» **Problem**: The word "Locations" may appear in some lines of the data; copy every such line.

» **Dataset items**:
= = = = = = =

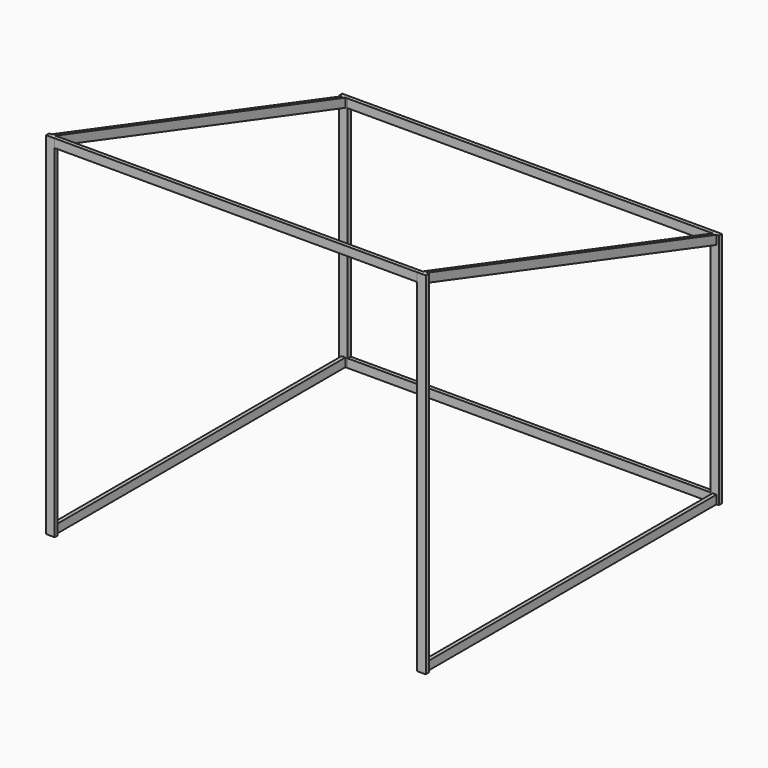
from build123d import *

# Parameters (mm, degrees)
F1_W          = 90
F1_H          = 3700
F2_DEPTH      = 40
F3_W          = 3820
F3_H          = 90
F4_DEPTH      = 40
F8_DEPTH      = 20
F8_DEPTH_BACK = 20
F7_W          = 3820
F7_H          = 90
F10_W         = 90
F10_H         = 2500
F11_DEPTH     = 40
F10_W_2       = 3819.998
F10_H_2       = 90


with BuildPart() as f2:
    # F1 (on Front) → F2 (new body)
    with BuildSketch(Plane.XZ):
        with Locations((-1955, 0)):
            Rectangle(F1_W, F1_H)
    extrude(amount=F2_DEPTH)


with BuildPart() as f2b:
    # F1 (on Front) → F2, piece 2 (new body)
    with BuildSketch(Plane.XZ):
        with Locations((1955, 0)):
            Rectangle(F1_W, F1_H)
    extrude(amount=F2_DEPTH)

    # F9: F8, F8b across plane


with BuildPart() as f4:
    # F3 (on face) → F4 (new body)
    with BuildSketch(Plane.XZ):
        with Locations((0, 1805)):
            Rectangle(F3_W, F3_H)
    extrude(amount=F4_DEPTH)


with BuildPart() as f8:
    # F7 (on offset) → F8 (new body, two sides)
    with BuildSketch(Plane(origin=(-1955, 0, 0), x_dir=(0, -1, 0), z_dir=(-1, 0, 0))) as f8_sk:
        Polygon((0, 1755.6637917124), (0, 1850), (-3820, 650), (-3820, 555.6637917124), align=None)
    extrude(amount=F8_DEPTH)
    extrude(f8_sk.sketch, amount=-F8_DEPTH_BACK)


with BuildPart() as f8b:
    # F7 (on offset) → F8, piece 2 (new body, two sides)
    with BuildSketch(Plane(origin=(-1955, 0, 0), x_dir=(0, -1, 0), z_dir=(-1, 0, 0))) as f8_2_sk:
        with Locations((-1910, -1805)):
            Rectangle(F7_W, F7_H)
    extrude(amount=F8_DEPTH)
    extrude(f8_2_sk.sketch, amount=-F8_DEPTH_BACK)


with BuildPart() as f2b_1:
    add(f2b.part)
    add(f8.part.mirror(Plane.YZ))
    add(f8b.part.mirror(Plane.YZ))


with BuildPart() as f11:
    # F10 (on face) → F11 (new body)
    with BuildSketch(Plane(origin=(0, 3820, 0), x_dir=(-1, 0, 0), z_dir=(0, 1, 0))):
        with Locations((-1955, -600)):
            Rectangle(F10_W, F10_H)
    extrude(amount=F11_DEPTH)


with BuildPart() as f11b:
    # F10 (on face) → F11, piece 2 (new body)
    with BuildSketch(Plane(origin=(0, 3820, 0), x_dir=(-1, 0, 0), z_dir=(0, 1, 0))):
        with Locations((1955, -600)):
            Rectangle(F10_W, F10_H)
    extrude(amount=F11_DEPTH)


with BuildPart() as f11c:
    # F10 (on face) → F11, piece 3 (new body)
    with BuildSketch(Plane(origin=(0, 3820, 0), x_dir=(-1, 0, 0), z_dir=(0, 1, 0))):
        with Locations((0, 605)):
            Rectangle(F10_W_2, F10_H_2)
    extrude(amount=F11_DEPTH)


with BuildPart() as f11d:
    # F10 (on face) → F11, piece 4 (new body)
    with BuildSketch(Plane(origin=(0, 3820, 0), x_dir=(-1, 0, 0), z_dir=(0, 1, 0))):
        with Locations((0, -1805)):
            Rectangle(F10_W_2, F10_H_2)
    extrude(amount=F11_DEPTH)


solid = Compound([f2.part, f4.part, f8.part, f8b.part, f2b_1.part, f11.part, f11b.part, f11c.part, f11d.part])

= = = = = = =

» **Answer section**:
        with Locations((-1955, 0)):
        with Locations((1955, 0)):
        with Locations((0, 1805)):
        with Locations((-1910, -1805)):
        with Locations((-1955, -600)):
        with Locations((1955, -600)):
        with Locations((0, 605)):
        with Locations((0, -1805)):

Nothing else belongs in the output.